- _Prompt_
From the listing below, retype exactly the line holding "- moved P71 0.13 mm to (188.0, 172.7)", the line holding "- Q1: footprint", and the lines between them; skip everything else.

[Data records — start]

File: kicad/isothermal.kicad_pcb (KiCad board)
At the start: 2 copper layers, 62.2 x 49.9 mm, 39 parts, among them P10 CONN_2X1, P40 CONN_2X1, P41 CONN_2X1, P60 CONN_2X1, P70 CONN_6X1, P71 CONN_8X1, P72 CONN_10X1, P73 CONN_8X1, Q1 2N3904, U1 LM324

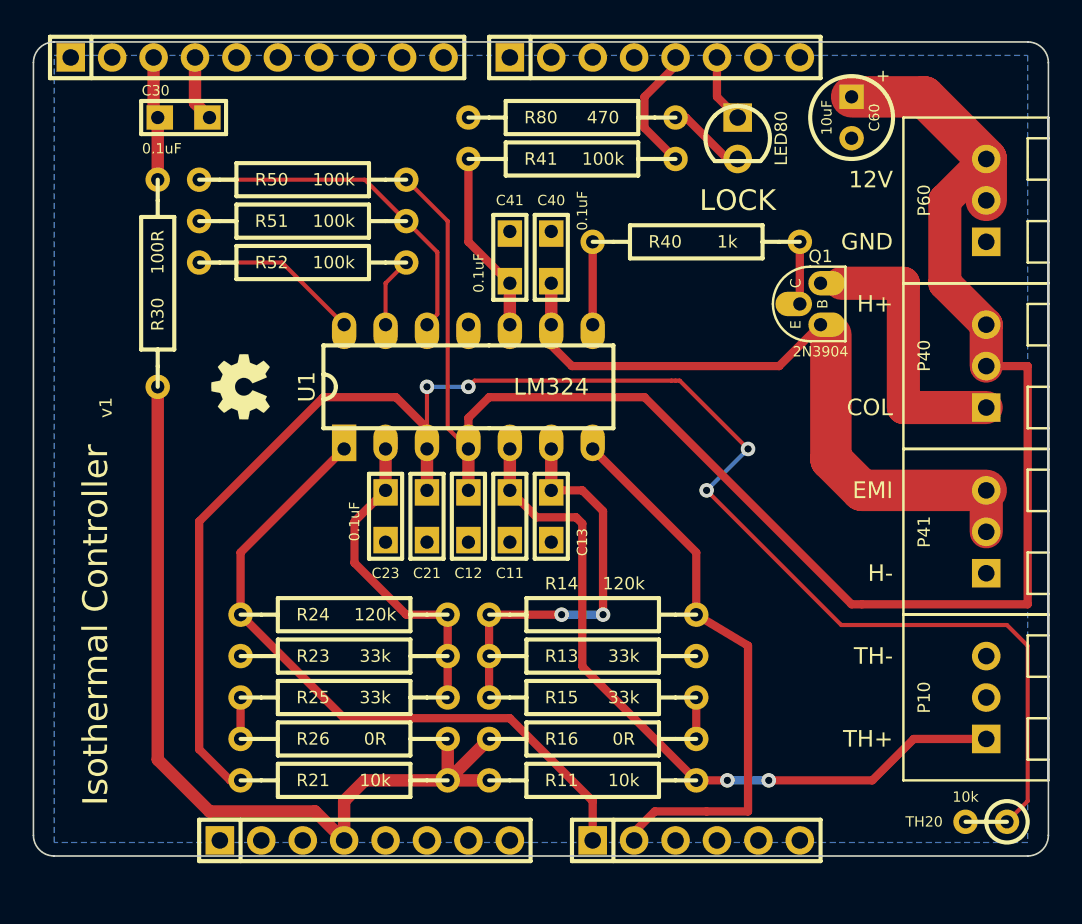
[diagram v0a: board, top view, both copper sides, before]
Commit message: increasing terminal block hole size, fixing pin spacing
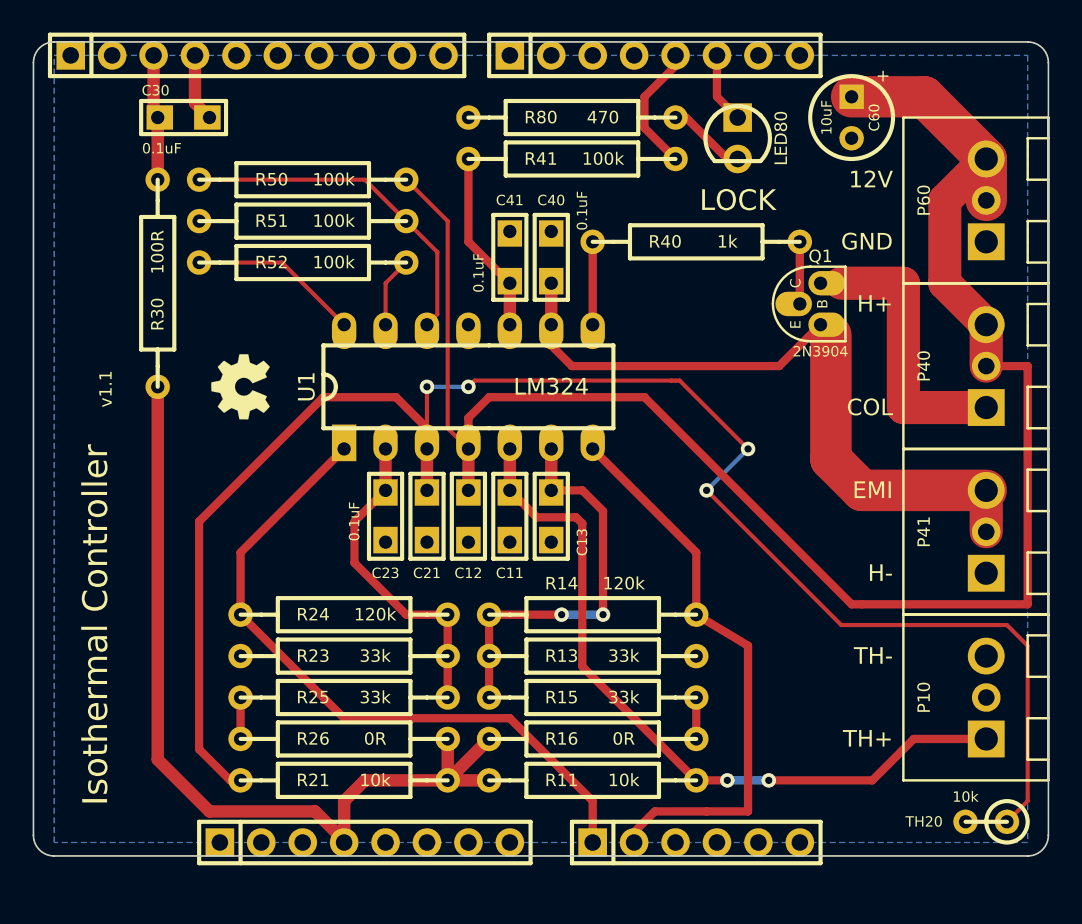
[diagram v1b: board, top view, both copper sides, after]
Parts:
- moved P70 0.13 mm to (210.8, 172.7)
- moved P71 0.13 mm to (188.0, 172.7)
- moved P72 0.13 mm to (178.8, 124.5)
- moved P73 0.13 mm to (205.7, 124.5)
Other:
- board text added: "v1.1"
- board text removed: "v1"

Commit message: v1.1
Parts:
- removed C41: 0.1uF, CERCAP_15_059B_0805
- removed R50, R51, R52: 100k, R_AXIAL_0W25_059A_05_PL
- added C44: 0.1uF, CERCAP_15_059B_0805, F.Cu at (200.7, 127.6)
- added D30: ZENER, DIODE_SS_059A_03_PL, F.Cu at (182.2, 132.1)
- added R31: 330R, R_AXIAL_0W25_059A_PL, F.Cu at (181.0, 146.7)
- added R42: 10k, R_AXIAL_0W25_059A_PL, F.Cu at (189.2, 135.9)
- added R43: 1k, R_AXIAL_0W25_059A_PL, F.Cu at (199.4, 130.8)
- added R44: 100k, R_AXIAL_0W25_059A_PL, F.Cu at (203.2, 127.6)
- C40: value 0.1uF -> 10nF
- Q1: footprint TO-92_Q_EBC_059Bo_PL -> TO-220_V_069A
- R11, R13, R14, R15, R16, R21, R23, R24, R25, R26, R30, R40, R80: footprint R_AXIAL_0W25_059A_05_PL -> R_AXIAL_0W25_059A_PL
- R41: value 100k -> 0R; footprint R_AXIAL_0W25_059A_05_PL -> R_AXIAL_0W25_059A_PL
- moved G*** 26.3 mm to (179.7, 170.2)
- moved R40 11.8 mm to (211.5, 142.9), turned to 90 degrees
- moved Q1 4.26 mm to (220.3, 144.8), turned to 90 degrees
- moved R30 3.70 mm to (178.4, 146.7)
- moved R80 3.17 mm to (203.2, 130.2)
- moved R41 2.84 mm to (199.4, 133.3), turned to 180 degrees
- moved R13 2.54 mm to (212.1, 161.3)
- moved R16 2.54 mm to (212.1, 166.4)
- moved R23 2.54 mm to (189.2, 161.3)
- moved R26 2.54 mm to (189.2, 166.4)
- moved C30 0.90 mm to (181.0, 127.6)
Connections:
- P71 pad 5: (no net) -> 5V
- R11 pad 1: 3V3 -> AREF
- R16 pad 2: 3V3 -> AREF
- R21 pad 1: 3V3 -> AREF
- R26 pad 2: 3V3 -> AREF
- R41 pad 2: D3 -> N-0000036
- U1 pad 14: N-000003 -> N-0000036
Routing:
- net AREF: track 7.60 -> 69.0 mm
- net 5V: track 0.00 -> 33.6 mm
- net 3V3: track 54.3 -> 33.9 mm
- net 12V: track 106.9 -> 88.3 mm
- net N-0000036: track 0.00 -> 12.5 mm
- net N-000003: track 10.5 -> 0.00 mm
- net N-0000055: track 44.2 -> 35.6 mm
- net N-0000033: track 4.34 -> 12.9 mm
- net N-0000040: track 3.81 -> 9.15 mm
- net D3: track 7.80 -> 3.18 mm
- net N-0000031: track 5.08 -> 9.57 mm
- net AGND: track 4.05 -> 8.51 mm
- net A0: track 41.5 -> 37.9 mm
- net N-0000032: track 17.8 -> 14.2 mm
- net N-0000050: track 103.0 -> 99.4 mm, vias 4 -> 5
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
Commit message: v1.1
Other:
- board text added: "B"
- board text added: "C"
- board text added: "E"
- board text removed: "COL"
- board text removed: "EMI"
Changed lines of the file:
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@@
     (links 74)
     (no_connects 2)
-    (area 173.939999 123.584499 236.270001 173.595501)
+    (area 162.706354 121.2088 236.549001 175.9712)
     (thickness 1.6)
-    (drawings 25)
+    (drawings 28)
     (tracks 150)
     (zones 0)
@@
   (layers
     (15 F.Cu signal)
-    (0 B.Cu signal)
+    (0 B.Cu signal hide)
     (16 B.Adhes user)
     (17 F.Adhes user)
@@
       (effects (font (size 0.635 0.635) (thickness 0.127)))
     )
-    (fp_text value 0.1uF (at 0.254 1.905 180) (layer F.SilkS)
+    (fp_text value 0.1uF (at 5.08 0 270) (layer F.SilkS)
       (effects (font (size 0.635 0.635) (thickness 0.127)))
     )
@@
     (descr "TO-220, vertical, 0.04\" holes, 0.069\" pads")
     (tags "TR TO220")
-    (fp_text reference Q1 (at 2.54 2.794 90) (layer F.SilkS)
-      (effects (font (size 0.762 0.762) (thickness 0.1524)))
-    )
-    (fp_text value 2N3904 (at -3.175 0 180) (layer F.SilkS)
+    (fp_text reference Q1 (at 8.89 0 180) (layer F.SilkS)
+      (effects (font (size 0.762 0.762) (thickness 0.1524)))
+    )
+    (fp_text value 2N3904 (at -3.81 0 180) (layer F.SilkS)
       (effects (font (size 0.762 0.762) (thickness 0.1524)))
     )
@@
     )
   )
+  (gr_text C (at 216.535 139.7) (layer F.SilkS)
+    (effects (font (size 0.762 0.762) (thickness 0.1524)))
+  )
+  (gr_text B (at 216.535 142.24) (layer F.SilkS)
+    (effects (font (size 0.762 0.762) (thickness 0.1524)))
+  )
+  (gr_text E (at 216.535 144.78) (layer F.SilkS)
+    (effects (font (size 0.762 0.762) (thickness 0.1524)))
+  )
   (gr_line (start 173.99 124.9045) (end 173.99 172.2755) (angle 90) (layer Edge.Cuts) (width 0.1))
   (gr_line (start 234.95 123.6345) (end 175.26 123.6345) (angle 90) (layer Edge.Cuts) (width 0.1))
@@
     (effects (font (size 1.016 1.016) (thickness 0.2032)) (justify right))
   )
-  (gr_text H+ (at 226.695 139.7) (layer F.SilkS)
+  (gr_text H+ (at 226.695 140.97) (layer F.SilkS)
     (effects (font (size 1.016 1.016) (thickness 0.2032)) (justify right))
   )
-  (gr_text COL (at 226.695 146.05) (layer F.SilkS)
+  (gr_text C (at 226.695 146.05) (layer F.SilkS)
     (effects (font (size 1.016 1.016) (thickness 0.2032)) (justify right))
   )
-  (gr_text EMI (at 226.695 151.13) (layer F.SilkS)
+  (gr_text E (at 226.695 151.13) (layer F.SilkS)
     (effects (font (size 1.016 1.016) (thickness 0.2032)) (justify right))
   )

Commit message: v1.2
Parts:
- removed R16, R26: 0R, R_AXIAL_0W25_059A_PL
- removed R43: 1k, R_AXIAL_0W25_059A_PL
- removed TH20: 10k, R_AXIAL_0W25_V_059A_PL
- added P20: CONN_2X1, TERMINAL_BLOCK_2_5mm, F.Cu at (232.4, 168.9)
- moved R21 26.9 mm to (226.1, 165.1)
- moved R11 25.0 mm to (226.1, 162.6), turned to 180 degrees
- moved P10 5.08 mm to (232.4, 158.8)
- moved P40 5.08 mm to (232.4, 138.4)
- moved P41 5.08 mm to (232.4, 148.6)
- moved P60 5.08 mm to (232.4, 128.3)
- moved R23 2.84 mm to (188.0, 158.8)
- moved R24 2.84 mm to (198.1, 161.3)
- moved R13 2.54 mm to (212.1, 158.8)
- moved R14 2.54 mm to (201.9, 161.3)
- moved R25 1.27 mm to (198.1, 163.8)
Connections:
- C11 pad 1: N-0000048 -> N-0000039
- C21 pad 1: N-0000050 -> N-0000041
- P10 pad 1: N-0000048 -> N-0000039
- P10 pad 2: GND -> AREF
- R11 pad 1: AREF -> N-0000039
- R11 pad 2: N-0000048 -> GND
- R15 pad 2: N-0000035 -> AREF
- R21 pad 1: AREF -> N-0000041
- R21 pad 2: N-0000050 -> GND
- R25 pad 2: N-0000030 -> AREF
- R41 pad 2: N-0000036 (its old number) -> N-0000026
- U1 pad 13: N-0000033 -> N-0000026
- U1 pad 14: N-0000036 (its old number) -> N-0000026
- U1 pad 3: N-0000050 -> N-0000041
- U1 pad 5: N-0000048 -> N-0000039
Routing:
- net N-0000050: track 99.4 -> 0.00 mm, vias 5 -> 0
- net N-0000041: track 0.00 -> 55.1 mm, vias 0 -> 4
- net N-0000048: track 46.8 -> 0.00 mm, vias 2 -> 0
- net AREF: track 69.0 -> 110.7 mm, vias 0 -> 2
- net N-0000039: track 0.00 -> 39.6 mm
- net N-0000033: track 12.9 -> 0.00 mm
- net N-0000036 (its old number): track 12.5 -> 0.00 mm
- net N-0000026: track 0.00 -> 9.94 mm
- net A1: track 34.2 -> 27.3 mm
- net N-0000040: track 24.7 -> 19.9 mm, vias 2 -> 0
- net 12V: track 88.3 -> 85.5 mm
- net N-0000035: track 2.54 -> 0.00 mm
- net N-0000030: track 2.54 -> 0.00 mm
- net A0: track 37.9 -> 39.9 mm
- net N-0000043: track 14.2 -> 12.6 mm
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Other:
- board text added: "3.3V"
- board text added: "5V"
- board text added: "Isothermal Shield"
- board text added: "L+"
- board text added: "L-"
- board text added: "LOAD"
- board text added: "S+"
- board text added: "S-"
- board text added: "SHUNT"
- board text added: "TH1"
- board text added: "TH1+"
- board text added: "TH1-"
- board text added: "TH2"
- board text added: "TH2+"
- board text added: "TH2-"
- board text added: "THERMISTOR"
- board text added: "v1.2"
- board text removed: "H+"
- board text removed: "H-"
- board text removed: "Isothermal Controller"
- board text removed: "TH+"
- board text removed: "TH-"
- board text removed: "v1.1"

[Data records — finish]

- _Solution to the problem_
- moved P71 0.13 mm to (188.0, 172.7)
- moved P72 0.13 mm to (178.8, 124.5)
- moved P73 0.13 mm to (205.7, 124.5)
Other:
- board text added: "v1.1"
- board text removed: "v1"

Commit message: v1.1
Parts:
- removed C41: 0.1uF, CERCAP_15_059B_0805
- removed R50, R51, R52: 100k, R_AXIAL_0W25_059A_05_PL
- added C44: 0.1uF, CERCAP_15_059B_0805, F.Cu at (200.7, 127.6)
- added D30: ZENER, DIODE_SS_059A_03_PL, F.Cu at (182.2, 132.1)
- added R31: 330R, R_AXIAL_0W25_059A_PL, F.Cu at (181.0, 146.7)
- added R42: 10k, R_AXIAL_0W25_059A_PL, F.Cu at (189.2, 135.9)
- added R43: 1k, R_AXIAL_0W25_059A_PL, F.Cu at (199.4, 130.8)
- added R44: 100k, R_AXIAL_0W25_059A_PL, F.Cu at (203.2, 127.6)
- C40: value 0.1uF -> 10nF
- Q1: footprint TO-92_Q_EBC_059Bo_PL -> TO-220_V_069A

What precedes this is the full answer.